Warning: This is a proof-of-concept implementation and is not suitable for production environments.
A scalable distributed rate limiter implementation using FastAPI, Redis Sentinel, and Docker. This system provides reliable rate limiting across multiple application instances with high availability through Redis master-slave replication and Sentinel monitoring.
This project implements a distributed rate limiter that can handle requests across multiple application instances while maintaining consistent rate limiting through Redis.
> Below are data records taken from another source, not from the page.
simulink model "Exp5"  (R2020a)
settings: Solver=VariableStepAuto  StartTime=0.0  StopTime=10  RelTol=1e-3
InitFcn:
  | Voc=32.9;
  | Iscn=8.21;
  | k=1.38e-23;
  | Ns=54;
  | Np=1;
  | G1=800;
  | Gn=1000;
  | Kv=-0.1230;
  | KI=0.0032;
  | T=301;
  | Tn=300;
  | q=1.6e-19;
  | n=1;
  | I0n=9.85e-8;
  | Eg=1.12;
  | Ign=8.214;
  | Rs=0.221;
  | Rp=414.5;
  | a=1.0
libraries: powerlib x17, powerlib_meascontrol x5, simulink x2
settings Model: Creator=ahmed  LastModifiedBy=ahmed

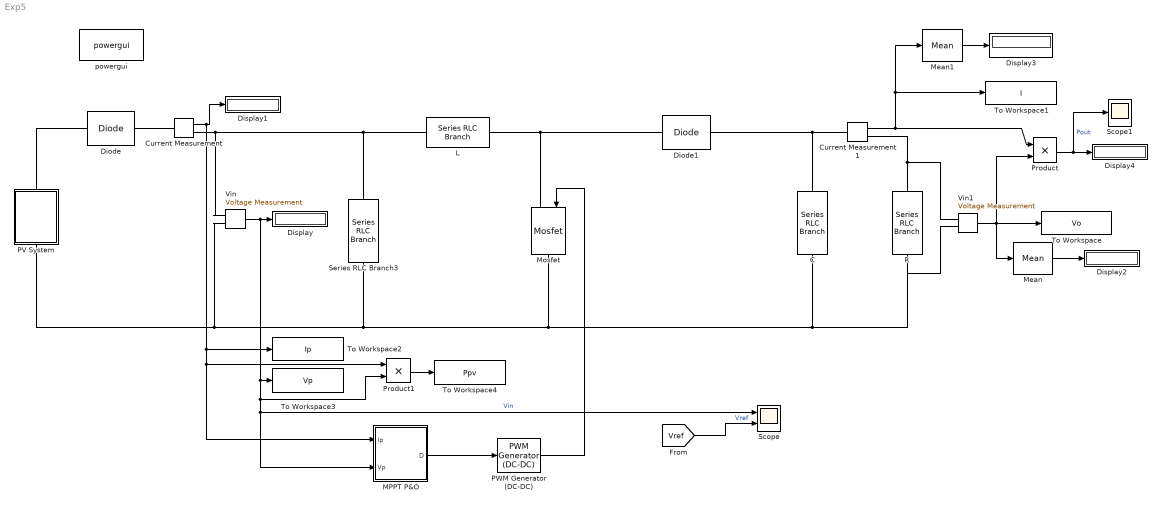
== system Exp5 ==
  C : powerlib/Elements/Series RLC Branch  LConnTagsString=__new0  RConnTagsString=__new0  BranchType=C  Resistance=1  Inductance=1e-3  SetiL0=off  InitialCurrent=0  Capacitance=110e-6  Setx0=off  InitialVoltage=0  Measurements=None
  Current Measurement : powerlib/Measurements/Current Measurement  PhasorSimulation=off  OutputType=Complex  PSBequivalent=0
  Current Measurement1 : powerlib/Measurements/Current Measurement  PhasorSimulation=off  OutputType=Complex  PSBequivalent=0
  Diode : powerlib/Power Electronics/Diode  Ron=0.001  Lon=0  Vf=0.8  IC=0  UseSnubber=0  Rs=500  Cs=250e-9  Measurements=off
  Diode1 : powerlib/Power Electronics/Diode  Ron=0.001  Lon=0  Vf=0.8  IC=0  UseSnubber=0  Rs=500  Cs=250e-9  Measurements=off
  Display{,1..4} (5 alike) : Display
  L : powerlib/Elements/Series RLC Branch  LConnTagsString=__new0  RConnTagsString=__new0  BranchType=L  Resistance=1  Inductance=0.01025  SetiL0=off  InitialCurrent=0  Capacitance=1e-6  Setx0=off  InitialVoltage=0  Measurements=None
  MPPT P&O : Subsystem
  Mean : powerlib_meascontrol/Measurements/Mean  Freq=60  Vinit=0  Ts=0
  Mean1 : powerlib_meascontrol/Measurements/Mean  Freq=60  Vinit=0  Ts=0
  Mosfet : powerlib/Power Electronics/Mosfet  Ron=0.1  Lon=0  Rd=0.01  Vfd=0  IC=0  Rs=1e5  Cs=inf  Measurements=off
  PV System : Subsystem
  PWM Generator (DC-DC) : powerlib_meascontrol/Pulse & Signal Generators/PWM Generator (DC-DC)  Fsw=5000  Ts=0
  Product : Product
  Product1 : Product
  R : powerlib/Elements/Series RLC Branch  LConnTagsString=__new0  RConnTagsString=__new0  BranchType=R  Resistance=25.5  Inductance=1e-3  SetiL0=off  InitialCurrent=0  Capacitance=1e-6  Setx0=off  InitialVoltage=0  Measurements=None
  Scope : Scope  NumInputPorts=2
  Scope1 : Scope
  Series RLC Branch3 : powerlib/Elements/Series RLC Branch  LConnTagsString=__new0  RConnTagsString=__new0  BranchType=C  Resistance=1  Inductance=1e-3  SetiL0=off  InitialCurrent=0  Capacitance=110e-6  Setx0=off  InitialVoltage=0  Measurements=None
  To Workspace : ToWorkspace  VariableName=Vo  SampleTime=-1
  To Workspace1 : ToWorkspace  VariableName=I  SampleTime=-1
  To Workspace2 : ToWorkspace  VariableName=Ip  SampleTime=-1
  To Workspace3 : ToWorkspace  VariableName=Vp  SampleTime=-1
  To Workspace4 : ToWorkspace  VariableName=Ppv  SampleTime=-1
  Vin : powerlib/Measurements/Voltage Measurement  PhasorSimulation=off  OutputType=Complex  PSBequivalent=0
  Vin1 : powerlib/Measurements/Voltage Measurement  PhasorSimulation=off  OutputType=Complex  PSBequivalent=0
  powergui : powerlib/powergui  Priority=1  SimulationMode=Continuous  SampleTime=50e-6  frequency=60  Iterations=50  frequencyindice=0  Pbase=100e6  ErrMax=1e-4  UnitsV=kV  UnitsW=MW  buscounter=0  FunctionMessages=off  echomessages=off  EnableUseOfTLC=off  CurrentSourceSwitches=off  DisableSnubberDevices=off  DisableRonSwitches=off  DisableVfSwitches=off  DisplayEquations=off  AutomaticDiscreteSolvers=off  SolverType=Tustin/Backward Euler (TBE)  Interpol=off  ExternalGateDelay=off  methode=off  Ts=100  x0status=blocks  SPID=on  SwTol=0  HookPort=off  NonlinearTolerance=1e-4  nMaxIteration=100  ContinueOnMaxIteration=off  RestoreLinks=warning  ResistiveCurrentMeasurement=off  Frange=[0:2:500]  Ylog=off  Xlog=on  ShowGrid=off  save=off  variable=ZData  structure=0  ZoomFFT=off  StartTime=0.0  cycles=1  DisplayStyle=1  fundamental=60  FreqAxis=off  MaxFrequency=1000  frequencyindicesteady=1  RmsSteady=1  display=off
  wires:
  Vin/1 -> To Workspace3/1, Product1/2, MPPT P&O/2(Vp), Scope/1, Display/1  "Vin"
  Current Measurement/1 -> To Workspace2/1, Product1/1, MPPT P&O/1(Ip), Display1/1
  Vin1/1 -> Product/2, To Workspace/1, Mean/1
  Mean/1 -> Display2/1
  Current Measurement1/1 -> To Workspace1/1, Mean1/1, Product/1
  Mean1/1 -> Display3/1
  MPPT P&O/1(D) -> PWM Generator (DC-DC)/1
  PWM Generator (DC-DC)/1 -> Mosfet/1
  [Vref] -> Scope/2  "Vref"
  Product/1 -> Scope1/1, Display4/1  "Pout"
  Product1/1 -> To Workspace4/1
  connections:
  Diode/RConn1 -- Current Measurement/LConn1
  Diode/LConn1 -- PV System/RConn1
  L/LConn1 -- Vin/LConn1 -- Current Measurement/RConn1 -- Series RLC Branch3/LConn1
  Mosfet/LConn1 -- Diode1/LConn1 -- L/RConn1
  PV System/LConn1 -- Vin/LConn2 -- Series RLC Branch3/RConn1 -- Mosfet/RConn1 -- Vin1/LConn2 -- R/RConn1 -- C/RConn1
  Diode1/RConn1 -- Current Measurement1/LConn1 -- C/LConn1
  Current Measurement1/RConn1 -- Vin1/LConn1 -- R/LConn1

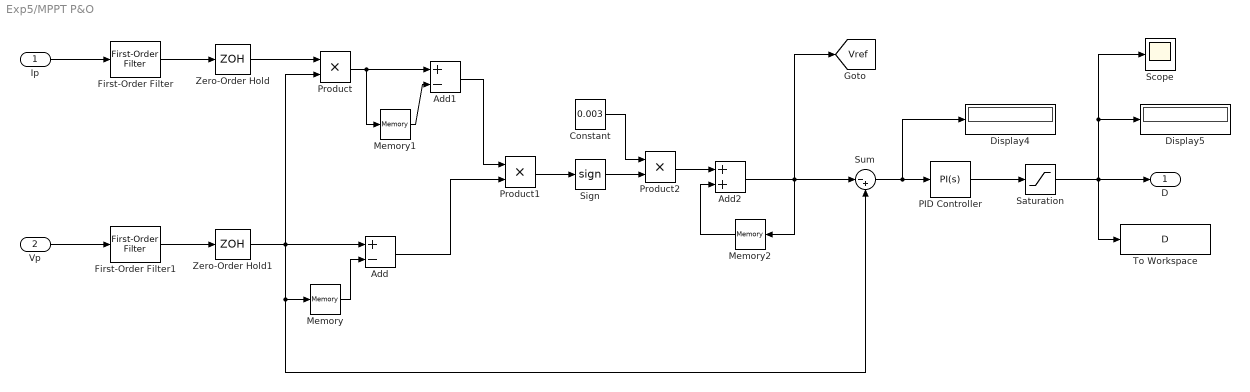
== system Exp5/MPPT P&O ==
  Ip : Inport
  Vp : Inport  Port=2
  Add : Sum  Inputs=+-
  Add1 : Sum  Inputs=+-
  Add2 : Sum
  Constant : Constant  Value=0.003
  Display4 : Display
  Display5 : Display
  First-Order Filter : powerlib_meascontrol/Filters/First-Order Filter  FilterType=Lowpass  Tc=10e-3  Ts=5e-5  Initialize=on  Vac_Init=[0, 0, 60]  Vdc_Init=0  PlotResponse=off  FreqRange="[0,  200,  1]"
  First-Order Filter1 : powerlib_meascontrol/Filters/First-Order Filter  FilterType=Lowpass  Tc=10e-3  Ts=5e-5  Initialize=on  Vac_Init=[0, 0, 60]  Vdc_Init=0  PlotResponse=off  FreqRange="[0,  200,  1]"
  Memory : Memory
  Memory1 : Memory
  Memory2 : Memory
  PID Controller : simulink/Continuous/PID Controller  Controller=PI  Form=Parallel  TimeDomain=Continuous-time  UseExternalTs=off  SampleTime=-1  IntegratorMethod=Forward Euler  FilterMethod=Forward Euler  ControllerParametersSource=internal  P=0.001  I=0.1  D=0  UseFilter=on  N=100  TunerSelectOption=Transfer Function Based (PID Tuner App)  InitialConditionSource=internal  InitialConditionForIntegrator=0  InitialConditionForFilter=0  DifferentiatorICPrevScaledInput=0  ExternalReset=none  TrackingMode=off  Kt=1  LimitOutput=off  UpperSaturationLimit=inf  LowerSaturationLimit=-inf  LinearizeAsGain=on  AntiWindupMode=none  Kb=1  POutMin=[]  POutMax=[]  IOutMin=[]  IOutMax=[]  DOutMin=[]  DOutMax=[]  NOutMin=[]  NOutMax=[]  SumOutMin=[]  SumOutMax=[]  SaturationOutMin=[]  SaturationOutMax=[]  PParamMin=[]  PParamMax=[]  IParamMin=[]  IParamMax=[]  DParamMin=[]  DParamMax=[]  NParamMin=[]  NParamMax=[]  KbParamMin=[]  KbParamMax=[]  KtParamMin=[]  KtParamMax=[]  KbOutMin=[]  KbOutMax=[]  KtOutMin=[]  KtOutMax=[]  IntegratorOutMin=[]  IntegratorOutMax=[]  FilterOutMin=[]  FilterOutMax=[]  SumI1OutMin=[]  SumI1OutMax=[]  SumI2OutMin=[]  SumI2OutMax=[]  SumI3OutMin=[]  SumI3OutMax=[]  SumI4OutMin=[]  SumI4OutMax=[]  SumDOutMin=[]  SumDOutMax=[]  DifferentiatorOutMin=[]  DifferentiatorOutMax=[]  FilterDiffOutCoefMin=[]  FilterDiffOutCoefMax=[]  ReciprocalOutMin=[]  ReciprocalOutMax=[]  SumDenOutMin=[]  SumDenOutMax=[]  SumNumOutMin=[]  SumNumOutMax=[]  DivideOutMin=[]  DivideOutMax=[]  UdiffTsProdOutMin=[]  UdiffTsProdOutMax=[]  NTsProdOutMin=[]  NTsProdOutMax=[]  UintegralTsProdOutMin=[]  UintegralTsProdOutMax=[]  UngainTsProdOutMin=[]  UngainTsProdOutMax=[]  IntegratorContinuousStateAttributes=''  IntegratorStateMustResolveToSignalObject=off  IntegratorRTWStateStorageClass=Auto  FilterContinuousStateAttributes=''  FilterStateMustResolveToSignalObject=off  FilterRTWStateStorageClass=Auto  ParallelPVariant=InternalParameters  IdealPVariant=Disabled  IVariant=InternalParameters  DVariant=Disabled  IntegratorVariant=Continuous  SatVariant=Disabled  AWVariant=Passthrough  PCopyVariant=Disabled  TRVariant=Disabled  FdbkBlocksVariant=Forward  IdealPFdbkVariant=Disabled  SatFdbkVariant=Disabled  DerivativeFilterVariant=Disabled  NVariant=Disabled  NCopyVariant=Disabled_SignalSpec  FilterICVariant=Disabled  IntegratorICVariant=InternalICs  ExternalResetVariant=Disabled  TRSumVariant=Passthrough  SumFdbkVariant=Disabled  SumVariant=Sum_PI  TsampFilterVariant=InternalTs  TsampNgainVariant=Passthrough  TsampIntegralVariant=Passthrough
  Product : Product
  Product1 : Product
  Product2 : Product
  Saturation : Saturate  UpperLimit=1  LowerLimit=0
  Scope : Scope
  Sign : Signum
  Sum : Sum  Inputs=|-+
  To Workspace : ToWorkspace  VariableName=D  SaveFormat=Timeseries  SampleTime=-1
  Zero-Order Hold : ZeroOrderHold  SampleTime=0.0001
  Zero-Order Hold1 : ZeroOrderHold  SampleTime=0.0001
  D : Outport
  tag scope: Vref=global
  wires:
  Add2/1 -> Memory2/1, [Vref], Sum/1
  Zero-Order Hold1/1 -> Memory/1, Sum/2, Product/2, Add/1
  Saturation/1 -> To Workspace/1, D/1, Display5/1, Scope/1
  Product2/1 -> Add2/1
  Sum/1 -> Display4/1, PID Controller/1
  Sign/1 -> Product2/2
  Add1/1 -> Product1/1
  Memory1/1 -> Add1/2
  First-Order Filter1/1 -> Zero-Order Hold1/1
  PID Controller/1 -> Saturation/1
  Memory2/1 -> Add2/2
  Add/1 -> Product1/2
  Product/1 -> Memory1/1, Add1/1
  Constant/1 -> Product2/1
  Memory/1 -> Add/2
  Vp/1 -> First-Order Filter1/1
  First-Order Filter/1 -> Zero-Order Hold/1
  Product1/1 -> Sign/1
  Zero-Order Hold/1 -> Product/1
  Ip/1 -> First-Order Filter/1

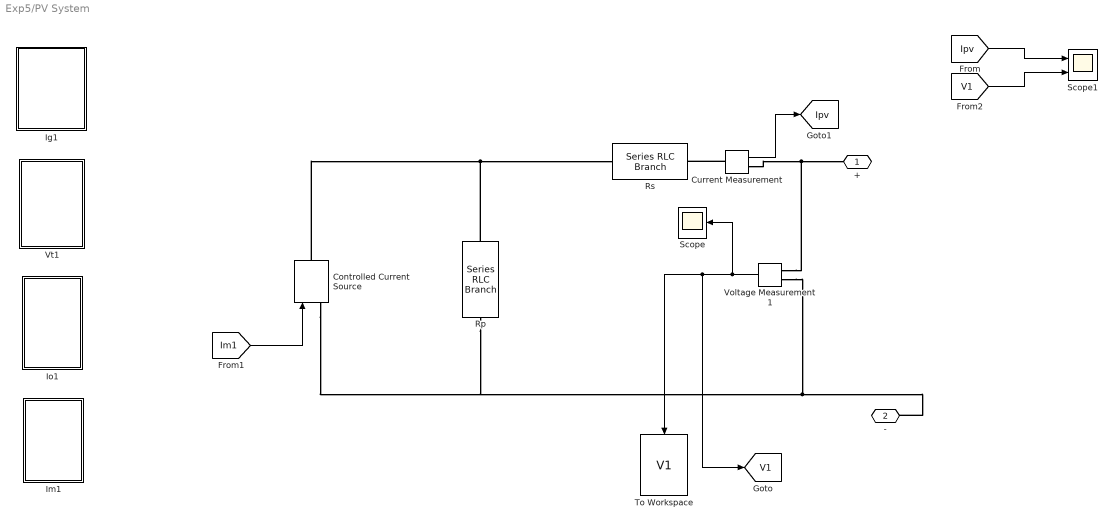
== system Exp5/PV System ==
  Controlled Current Source : powerlib/Electrical Sources/Controlled Current Source  Initialize=on  Source_Type=AC  Amplitude=0  Phase=0  Frequency=0  Measurements=None
  Current Measurement : powerlib/Measurements/Current Measurement  PhasorSimulation=off  OutputType=Complex  PSBequivalent=0
  Ig1 : Subsystem
  Im1 : Subsystem
  Io1 : Subsystem
  Rp : powerlib/Elements/Series RLC Branch  LConnTagsString=__new0  RConnTagsString=__new0  BranchType=R  Resistance=Rp  Inductance=1e-3  SetiL0=off  InitialCurrent=0  Capacitance=1e-6  Setx0=off  InitialVoltage=0  Measurements=None
  Rs : powerlib/Elements/Series RLC Branch  LConnTagsString=__new0  RConnTagsString=__new0  BranchType=R  Resistance=Rs  Inductance=1e-3  SetiL0=off  InitialCurrent=0  Capacitance=1e-6  Setx0=off  InitialVoltage=0  Measurements=None
  Scope : Scope
  Scope1 : Scope  NumInputPorts=2
  To Workspace : ToWorkspace  VariableName=V1  SaveFormat=Timeseries  SampleTime=-1
  Voltage Measurement1 : powerlib/Measurements/Voltage Measurement  PhasorSimulation=off  OutputType=Complex  PSBequivalent=0
  Vt1 : Subsystem
  + : PMIOPort  Side=Right
  - : PMIOPort  Port=2  Side=Left
  tag scope: Ipv=global, V1=global
  wires:
  [Im1] -> Controlled Current Source/1
  Voltage Measurement1/1 -> [V1], To Workspace/1, Scope/1
  Current Measurement/1 -> [Ipv]
  [Ipv] -> Scope1/1
  [V1] -> Scope1/2
  connections:
  Voltage Measurement1/LConn1 -- Current Measurement/RConn1 -- +/RConn1
  Voltage Measurement1/LConn2 -- Controlled Current Source/LConn1 -- Rp/RConn1 -- -/RConn1
  Rp/LConn1 -- Controlled Current Source/RConn1 -- Rs/LConn1
  Current Measurement/LConn1 -- Rs/RConn1

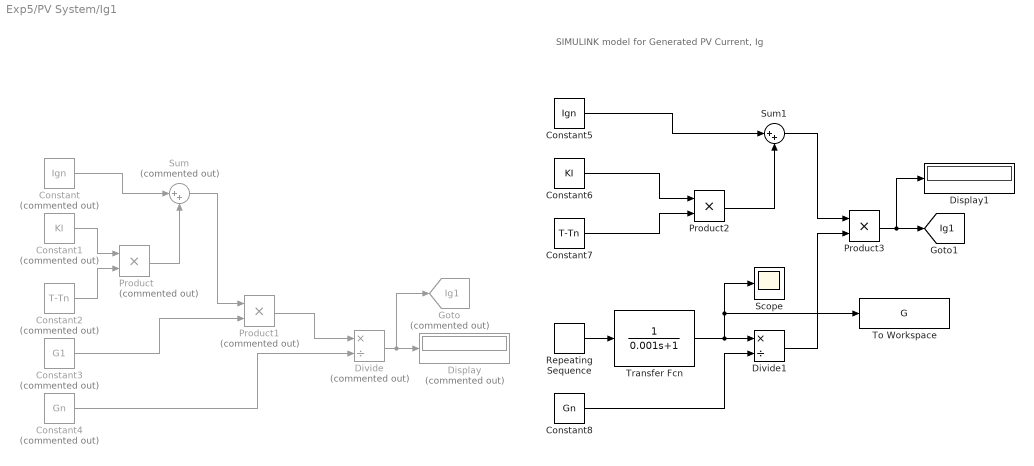
== system Exp5/PV System/Ig1 ==
  note: SIMULINK model for Generated PV Current, Ig
  Constant : Constant  Commented=on  Value=Ign
  Constant1 : Constant  Commented=on  Value=KI
  Constant2 : Constant  Commented=on  Value=T-Tn
  Constant3 : Constant  Commented=on  Value=G1
  Constant4 : Constant  Commented=on  Value=Gn
  Constant5 : Constant  Value=Ign
  Constant6 : Constant  Value=KI
  Constant7 : Constant  Value=T-Tn
  Constant8 : Constant  Value=Gn
  Display : Display  Commented=on
  Display1 : Display
  Divide : Product  Commented=on  Inputs=*/
  Divide1 : Product  Inputs=*/
  Goto : Goto  Commented=on  GotoTag=Ig1  TagVisibility=global
  Product : Product  Commented=on
  Product1 : Product  Commented=on
  Product2 : Product
  Product3 : Product
  Repeating Sequence : simulink/Sources/Repeating Sequence  rep_seq_t=[0 3 3.1 7 7.1 10]  rep_seq_y=[640 640 810 810 980 980]
  Scope : Scope
  Sum : Sum  Commented=on  Inputs=|++
  Sum1 : Sum  Inputs=|++
  To Workspace : ToWorkspace  VariableName=G  SaveFormat=Timeseries  SampleTime=-1
  Transfer Fcn : TransferFcn  Denominator=[0.001 1]
  tag scope: Ig1=global
  wires:
  Divide/1 -> Goto/1, Display/1
  Product1/1 -> Divide/1
  Constant1/1 -> Product/1
  Constant/1 -> Sum/1
  Product/1 -> Sum/2
  Constant2/1 -> Product/2
  Constant3/1 -> Product1/2
  Sum/1 -> Product1/1
  Constant4/1 -> Divide/2
  Repeating Sequence/1 -> Transfer Fcn/1
  Constant5/1 -> Sum1/1
  Constant6/1 -> Product2/1
  Constant7/1 -> Product2/2
  Transfer Fcn/1 -> To Workspace/1, Scope/1, Divide1/1
  Constant8/1 -> Divide1/2
  Product2/1 -> Sum1/2
  Divide1/1 -> Product3/2
  Sum1/1 -> Product3/1
  Product3/1 -> Display1/1, [Ig1]

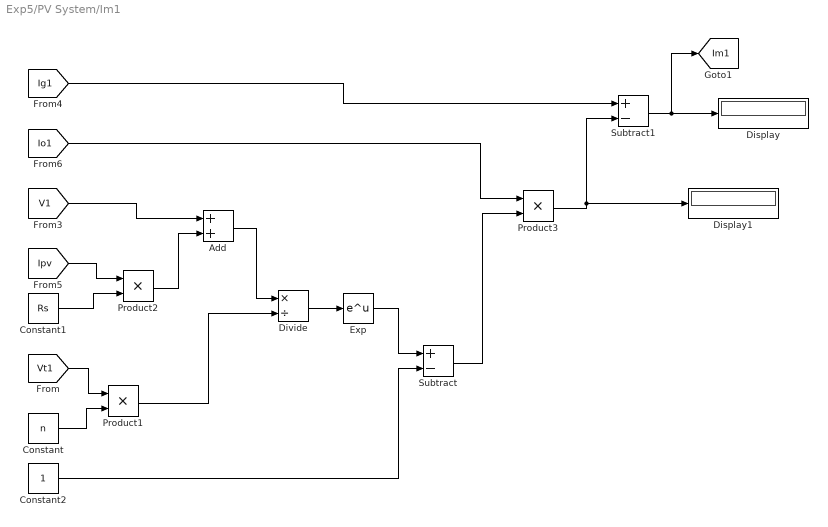
== system Exp5/PV System/Im1 ==
  Add : Sum
  Constant : Constant  Value=n
  Constant1 : Constant  Value=Rs
  Constant2 : Constant
  Display : Display
  Display1 : Display
  Divide : Product  Inputs=*/
  Exp : Math  SaturateOnIntegerOverflow=on
  Product1 : Product
  Product2 : Product
  Product3 : Product
  Subtract : Sum  Inputs=+-
  Subtract1 : Sum  Inputs=+-
  tag scope: Im1=global
  wires:
  Exp/1 -> Subtract/1
  Product2/1 -> Add/2
  [Vt1] -> Product1/1
  [Ig1] -> Subtract1/1
  Constant1/1 -> Product2/2
  Subtract1/1 -> [Im1], Display/1
  Add/1 -> Divide/1
  [Ipv] -> Product2/1
  Product1/1 -> Divide/2
  [V1] -> Add/1
  [Io1] -> Product3/1
  Divide/1 -> Exp/1
  Constant2/1 -> Subtract/2
  Subtract/1 -> Product3/2
  Product3/1 -> Display1/1, Subtract1/2
  Constant/1 -> Product1/2

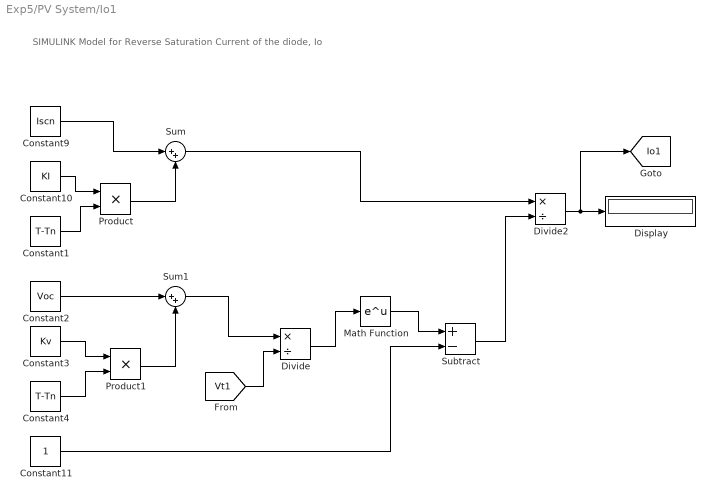
== system Exp5/PV System/Io1 ==
  note: SIMULINK Model for Reverse Saturation Current of the diode, Io
  Constant1 : Constant  Value=T-Tn
  Constant10 : Constant  Value=KI
  Constant11 : Constant
  Constant2 : Constant  Value=Voc
  Constant3 : Constant  Value=Kv
  Constant4 : Constant  Value=T-Tn
  Constant9 : Constant  Value=Iscn
  Display : Display
  Divide : Product  Inputs=*/
  Divide2 : Product  Inputs=*/
  Math Function : Math  SaturateOnIntegerOverflow=on
  Product : Product
  Product1 : Product
  Subtract : Sum  Inputs=+-
  Sum : Sum  Inputs=|++
  Sum1 : Sum  Inputs=|++
  tag scope: Io1=global
  wires:
  Constant4/1 -> Product1/2
  [Vt1] -> Divide/2
  Product/1 -> Sum/2
  Math Function/1 -> Subtract/1
  Sum/1 -> Divide2/1
  Constant9/1 -> Sum/1
  Product1/1 -> Sum1/2
  Constant11/1 -> Subtract/2
  Constant3/1 -> Product1/1
  Sum1/1 -> Divide/1
  Divide2/1 -> [Io1], Display/1
  Constant10/1 -> Product/1
  Subtract/1 -> Divide2/2
  Constant2/1 -> Sum1/1
  Divide/1 -> Math Function/1
  Constant1/1 -> Product/2

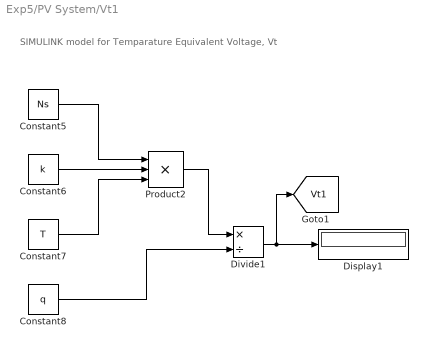
== system Exp5/PV System/Vt1 ==
  note: SIMULINK model for Temparature Equivalent Voltage, Vt
  Constant5 : Constant  Value=Ns
  Constant6 : Constant  Value=k
  Constant7 : Constant  Value=T
  Constant8 : Constant  Value=q
  Display1 : Display
  Divide1 : Product  Inputs=*/
  Product2 : Product  Inputs=3
  tag scope: Vt1=global
  wires:
  Product2/1 -> Divide1/1
  Divide1/1 -> [Vt1], Display1/1
  Constant5/1 -> Product2/1
  Constant7/1 -> Product2/3
  Constant8/1 -> Divide1/2
  Constant6/1 -> Product2/2

The system uses Redis Sentinel for high availability and Nginx for load balancing.
- Distributed rate limiting across multiple app instances
- High availability with Redis Sentinel (1 master, 2 slaves, 3 sentinels)
- Load balancing with Nginx
- Docker containerization for easy deployment
- Configurable rate limits via environment variables
- FastAPI-powered REST API endpoints
- Docker
- Docker Compose
- Redis
- Nginx
- Python 3.11
- Clone the repository:
git clone https://github.com/Rahulbeniwal26119/Distributed-Load-Balancer
cd distributed-rate-limiter
- Start all services:
docker compose up -d
Optional: To start specific services
docker compose -f 'docker-compose.yml' up -d --build 'nginx'
This will start:
- 2 API instances (ports 8001, 8002)
- Redis master
- 2 Redis slaves
- 3 Redis sentinels
- Nginx load balancer (ports 80, 8000)
The application can be configured using the following environment variables:
Variable | Description | Default |
---|---|---|
SENTINEL_HOSTS | Redis Sentinel hosts | sentinel-1:26379,sentinel-2:26379,sentinel-3:26379 |
REDIS_MASTER | Redis master name | redis-master |
REDIS_PASSWORD | Redis password | master |
RATE_LIMIT | Max requests allowed | 10 |
TIME_WINDOW | Time window in seconds | 60 |
By default, the rate limiter allows:
- 10 requests per IP address
- Within a 60-second window
- Returns 429 (Too Many Requests) when exceeded
Endpoint | Description | Rate Limited |
---|---|---|
GET / | Hello World endpoint | No |
GET /limited_endpoint | Rate-limited test endpoint | Yes |
GET /health | Health check endpoint | No |
Access the API through:
# Load balanced endpoint
curl http://localhost:8000/
# Rate-limited endpoint
curl http://localhost:8000/limited_endpoint
# Health check
curl http://localhost:8000/health
-
API Instances (app-1, app-2)
- FastAPI applications
- Handle incoming HTTP requests
- Implement rate limiting logic
-
Redis Setup
- 1 master node (writes)
- 2 slave nodes (reads)
- 3 sentinel nodes (monitoring)
-
Nginx Load Balancer
- Distributes traffic between API instances
- Exposed on ports 80 and 8000
The Redis Sentinel configuration ensures:
- Automatic failover if master goes down
- High availability of the rate limiting service
- Consistent rate limiting across app instances
.
├── docker-compose.yml # Docker services configuration
├── Dockerfile # Python application container
├── main.py # FastAPI application code
├── sentinel.conf # Redis Sentinel configuration
└── nginx.conf # Nginx load balancer configuration
- Install dependencies:
pip install -e .
- Run locally:
uvicorn main:app --reload --port 8000
-
Redis Connection Issues
- Verify Redis master and sentinels are running
- Check sentinel configuration
- Ensure network connectivity between containers
-
Rate Limiting Issues
- Verify Redis connection
- Check rate limit environment variables
- Confirm network configuration
# Check running containers
docker compose ps
# View logs
docker compose logs [service-name]
- Fork the repository
- Create your feature branch (
git checkout -b feature/amazing-feature
) - Commit your changes (
git commit -m 'Add amazing feature'
) - Push to the branch (
git push origin feature/amazing-feature
) - Open a Pull Request
- FastAPI for the web framework
- Redis for distributed caching
- Docker for containerization
To verify that requests are being distributed across instances:
- Make multiple requests:
for i in {1..10}; do curl http://localhost/limited_endpoint; done
- Check the logs of each instance:
docker logs app-1
docker logs app-2
You should see requests being distributed between both application instances.